When we left Joseph last week, in Parasha Vayeishev, his brothers had sold him to a caravan of merchants on their way to Egypt. In Egypt, he was again sold, this time as a servant in the home of Pharaoh’s chief butcher, Potiphar. After a time, Potiphar was given custody of two other members of the royal household, the chief cupbearer and the chief baker, who had upset Pharaoh. Joseph served the noble prisoners.
Each of these courtiers had a dream. Joseph explained the dreams were from God, and asked about them. The chief cupbearer dreamt there was a grapevine with three branches and was bringing forth fruit, which he pressed into Pharaoh’s cup in his hand. Joseph interpreted the dream that in three days Pharaoh would restore the chief cupbearer to his post.
The chief baker then asked Joseph to interpret his dream, which was that there were three wicker baskets on his head, the top one filled with Pharaoh’s food, which birds were eating. Joseph explained that in three days Pharaoh would hang him.
Three days later, Pharaoh brought the chief cupbearer back to court, and hung the chief baker, just as Joseph had explained.
In this week’s parasha, Mikeitz, it is two years later. Pharaoh has a dream, and the chief cupbearer tells Pharaoh of Joseph, the Hebrew slave who can interpret dreams. Joseph tells Pharaoh that only God can explain the dream, and Joseph simply relates what God tells him the dream means. Pharaoh then describes the dream: He is standing by the Nile when seven fat cows emerge and graze. Then seven thin, poor cows emerge and eat the seven fat cows, but the poor cows still look thin. After that, Pharaoh sees seven strong ears of corn on a single stalk, which are then eaten by seven thin and scorched ears of corn.
Joseph explains God is telling Pharaoh there will be seven years of abundance, which will be followed by seven years of terrible famine. Joseph says Pharaoh should prepare during the seven good years by stockpiling food to last through the seven bad years. Pharaoh is so impressed the spirit of God dwells in Joseph he appoints Joseph his viceroy, to lead Egypt during the times of plenty and famine. Joseph masterfully organizes the Egyptians to preserve their excess food during the years of plenty.

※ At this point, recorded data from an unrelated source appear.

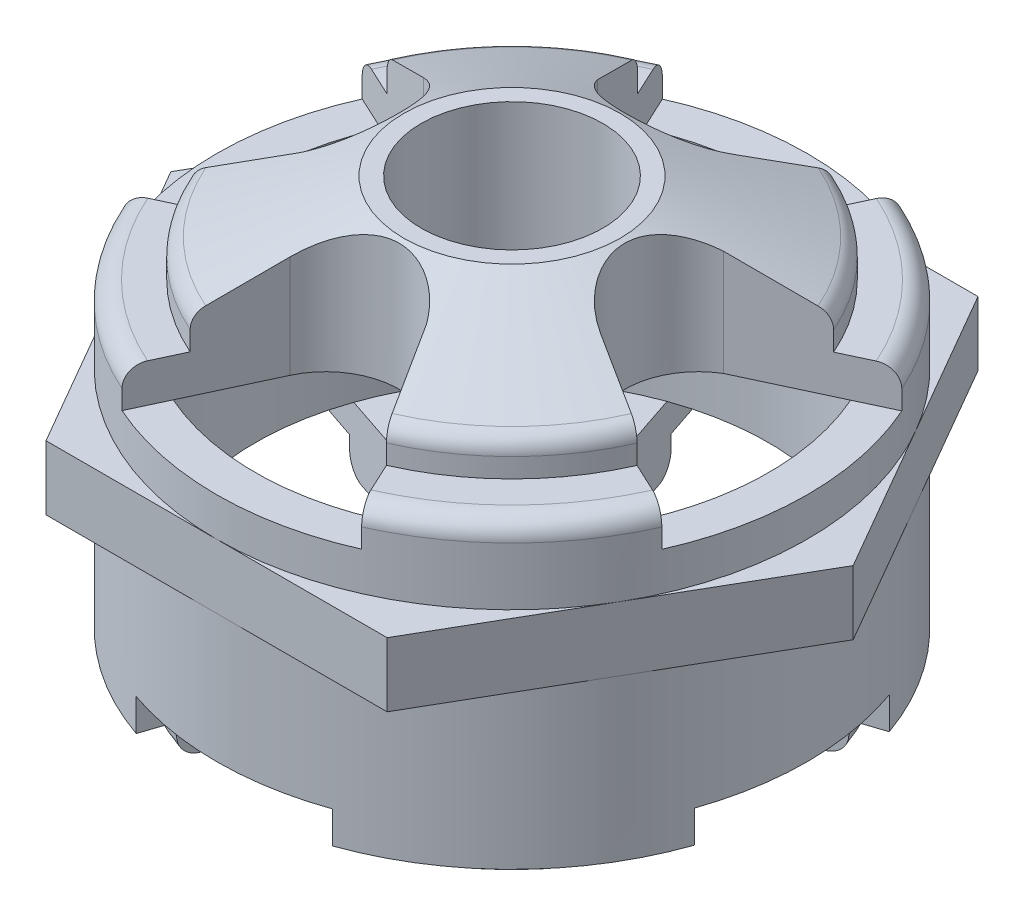
from build123d import *

# Parameters (mm, degrees)
CUT_EXTRUDE1_DEPTH  = 5
CUT_EXTRUDE2_START  = -2.5
CUT_EXTRUDE2_DEPTH  = 2.5
CUT_EXTRUDE3_START  = -5
SKETCH2_3_R         = 10
CUT_EXTRUDE3_DEPTH  = 9
SKETCH2_4_R         = 3.535533906
CUT_EXTRUDE4_DEPTH  = 24.167865748
BOSS_EXTRUDE1_START = -1.5
BOSS_EXTRUDE1_DEPTH = 2.5


with BuildPart() as part:
    # Sketch1 → Revolve1 (revolve)
    with BuildSketch(Plane.XY, mode=Mode.PRIVATE) as revolve1_sk:
        with BuildLine():
            Line((0, 8.25), (0, -8.25))
            Line((0, -8.25), (-9.504240623, -8.25))
            ThreePointArc((-9.504240623, -8.25), (-10.034570709, -8.030330086), (-10.254240623, -7.5))
            Line((-10.254240623, -7.5), (-10.254240623, -7))
            Line((-10.254240623, -7), (-11.5, -7))
            Line((-11.5, -7), (-11.5, 4))
            ThreePointArc((-11.5, 4), (-11.280330086, 4.530330086), (-10.75, 4.75))
            Line((-10.75, 4.75), (-9.504240623, 4.75))
            Line((-9.504240623, 4.75), (-9.504240623, 5.503921629))
            ThreePointArc((-9.504240623, 5.503921629), (-9.379783865, 5.917679592), (-9.047718884, 6.194117623))
            Line((-9.047718884, 6.194117623), (-4.212738001, 8.25))
            Line((-4.212738001, 8.25), (0, 8.25))
        make_face()
    revolve(revolve1_sk.sketch.rotate(Axis((0, -1000, 0), (0, 1, 0)), 180), axis=Axis((0, -1000, 0), (0, 1, 0)))

    # Sketch2 → Cut-Extrude1 (cut)
    with BuildSketch(Plane(origin=(0, 8.25, 0), x_dir=(1, 0, 0), z_dir=(0, 1, 0))):
        with BuildLine():
            Line((-4.660673796, 10.513235457), (-2.455683996, 5.78461957))
            ThreePointArc((-2.455683996, 5.78461957), (0.145322161, 4.394022906), (2.591742961, 6.041450409))
            Line((2.591742961, 6.041450409), (4.674174793, 10.507239885))
            ThreePointArc((4.674174793, 10.507239885), (0.0073862, 11.499997628), (-4.660673796, 10.513235457))
        make_face()
        with BuildLine():
            Line((10.513235457, 4.660673796), (5.78461957, 2.455683996))
            ThreePointArc((5.78461957, 2.455683996), (4.394022906, -0.145322161), (6.041450409, -2.591742961))
            Line((6.041450409, -2.591742961), (10.507239885, -4.674174793))
            ThreePointArc((10.507239885, -4.674174793), (11.499997628, -0.0073862), (10.513235457, 4.660673796))
        make_face()
        with BuildLine():
            Line((4.660673796, -10.513235457), (2.455683996, -5.78461957))
            ThreePointArc((2.455683996, -5.78461957), (-0.145322161, -4.394022906), (-2.591742961, -6.041450409))
            Line((-2.591742961, -6.041450409), (-4.674174793, -10.507239885))
            ThreePointArc((-4.674174793, -10.507239885), (-0.0073862, -11.499997628), (4.660673796, -10.513235457))
        make_face()
        with BuildLine():
            Line((-10.513235457, -4.660673796), (-5.78461957, -2.455683996))
            ThreePointArc((-5.78461957, -2.455683996), (-4.394022906, 0.145322161), (-6.041450409, 2.591742961))
            Line((-6.041450409, 2.591742961), (-10.507239885, 4.674174793))
            ThreePointArc((-10.507239885, 4.674174793), (-11.499997628, 0.0073862), (-10.513235457, -4.660673796))
        make_face()
    extrude(amount=-CUT_EXTRUDE1_DEPTH, mode=Mode.SUBTRACT)

    # Sketch4 → Cut-Extrude2 (cut)
    with BuildSketch(Plane.XZ.offset(8.25).offset(CUT_EXTRUDE2_START)):
        with BuildLine():
            Line((10.867523998, 3.761239443), (5.823916942, 2.073672129))
            ThreePointArc((5.823916942, 2.073672129), (4.757833429, -0.350620549), (6.451436213, -2.386655581))
            Line((6.451436213, -2.386655581), (10.835176182, -3.853434457))
            ThreePointArc((10.835176182, -3.853434457), (11.499896235, -0.048852589), (10.867523998, 3.761239443))
        make_face()
        with BuildLine():
            Line((-3.761239443, 10.867523998), (-2.073672129, 5.823916942))
            ThreePointArc((-2.073672129, 5.823916942), (0.350620549, 4.757833429), (2.386655581, 6.451436213))
            Line((2.386655581, 6.451436213), (3.853434457, 10.835176182))
            ThreePointArc((3.853434457, 10.835176182), (0.048852589, 11.499896235), (-3.761239443, 10.867523998))
        make_face()
        with BuildLine():
            Line((3.761239443, -10.867523998), (2.073672129, -5.823916942))
            ThreePointArc((2.073672129, -5.823916942), (-0.350620549, -4.757833429), (-2.386655581, -6.451436213))
            Line((-2.386655581, -6.451436213), (-3.853434457, -10.835176182))
            ThreePointArc((-3.853434457, -10.835176182), (-0.048852589, -11.499896235), (3.761239443, -10.867523998))
        make_face()
        with BuildLine():
            Line((-10.867523998, -3.761239443), (-5.823916942, -2.073672129))
            ThreePointArc((-5.823916942, -2.073672129), (-4.757833429, 0.350620549), (-6.451436213, 2.386655581))
            Line((-6.451436213, 2.386655581), (-10.835176182, 3.853434457))
            ThreePointArc((-10.835176182, 3.853434457), (-11.499896235, 0.048852589), (-10.867523998, -3.761239443))
        make_face()
    extrude(amount=CUT_EXTRUDE2_DEPTH, mode=Mode.SUBTRACT)

    # Sketch2<3> → Cut-Extrude3 (cut)
    with BuildSketch(Plane(origin=(0, 8.25, 0), x_dir=(1, 0, 0), z_dir=(0, 1, 0)).offset(CUT_EXTRUDE3_START)):
        with Locations(Location((0, 0, 0), (0, 0, 160.82070613))):
            Circle(SKETCH2_3_R)
    extrude(amount=-CUT_EXTRUDE3_DEPTH, mode=Mode.SUBTRACT)

    # Sketch2<4> → Cut-Extrude4 (cut, through all)
    with BuildSketch(Plane(origin=(0, 8.25, 0), x_dir=(1, 0, 0), z_dir=(0, 1, 0))):
        with Locations(Location((0, 0, 0), (0, 0, 180))):
            Circle(SKETCH2_4_R)
    extrude(amount=-CUT_EXTRUDE4_DEPTH, mode=Mode.SUBTRACT)

    # Sketch5 → Boss-Extrude1 (add)
    with BuildSketch(Plane(origin=(0, 3.25, 0), x_dir=(1, 0, 0), z_dir=(0, 1, 0)).offset(BOSS_EXTRUDE1_START)):
        Polygon((6.639528096, 11.5), (-6.639528096, 11.5), (-13.279056191, 0), (-6.639528096, -11.5), (6.639528096, -11.5), (13.279056191, 0), align=None)
        with BuildLine():
            ThreePointArc((-10.513235457, -4.660673796), (-11.499997628, 0.0073862), (-10.507239885, 4.674174793))
            Line((-10.507239885, 4.674174793), (-9.147531408, 4.040132317))
            ThreePointArc((-9.147531408, 4.040132317), (2.06454425, 9.784562179), (10, 0))
            ThreePointArc((10, 0), (2.057316218, -9.786084507), (-9.153489996, -4.026614074))
            Line((-9.153489996, -4.026614074), (-10.513235457, -4.660673796))
        make_face(mode=Mode.SUBTRACT)
    extrude(amount=-BOSS_EXTRUDE1_DEPTH)


solid = part.part

The famine comes, and forces Joseph’s brothers to travel to Egypt for food. Only ten of the brothers come, leaving Benjamin, the youngest, behind. Joseph and Benjamin are the only two children of Rachel, and Joseph loves Benjamin very much. Because of Joseph’s position, the brothers arrange to see him to request help. Joseph is unsure how his brothers feel about him and how they will react to him, so he does not reveal his true identity to his brothers. Instead, he asks about their family, and inquires of their father so he can learn if Jacob is still alive. The brothers tell Joseph one brother is gone (Joseph himself) and one is at home (Benjamin). Joseph wants to see Benjamin, and tells the brothers they cannot return unless they bring Benjamin.
The brothers return to Canaan and after the food they brought is gone, tell their father they cannot return for more food unless they bring Benjamin. Jacob is afraid his beloved youngest son may not return to him, and only reluctantly permits him to go. The brothers go to Egypt, obtain food, and begin the journey back to Canaan. Joseph has his silver goblet hidden in Benjamin’s saddle bags, then sends a messenger to stop the brothers’ journey. They are brought back to Joseph, and he accuses them of theft.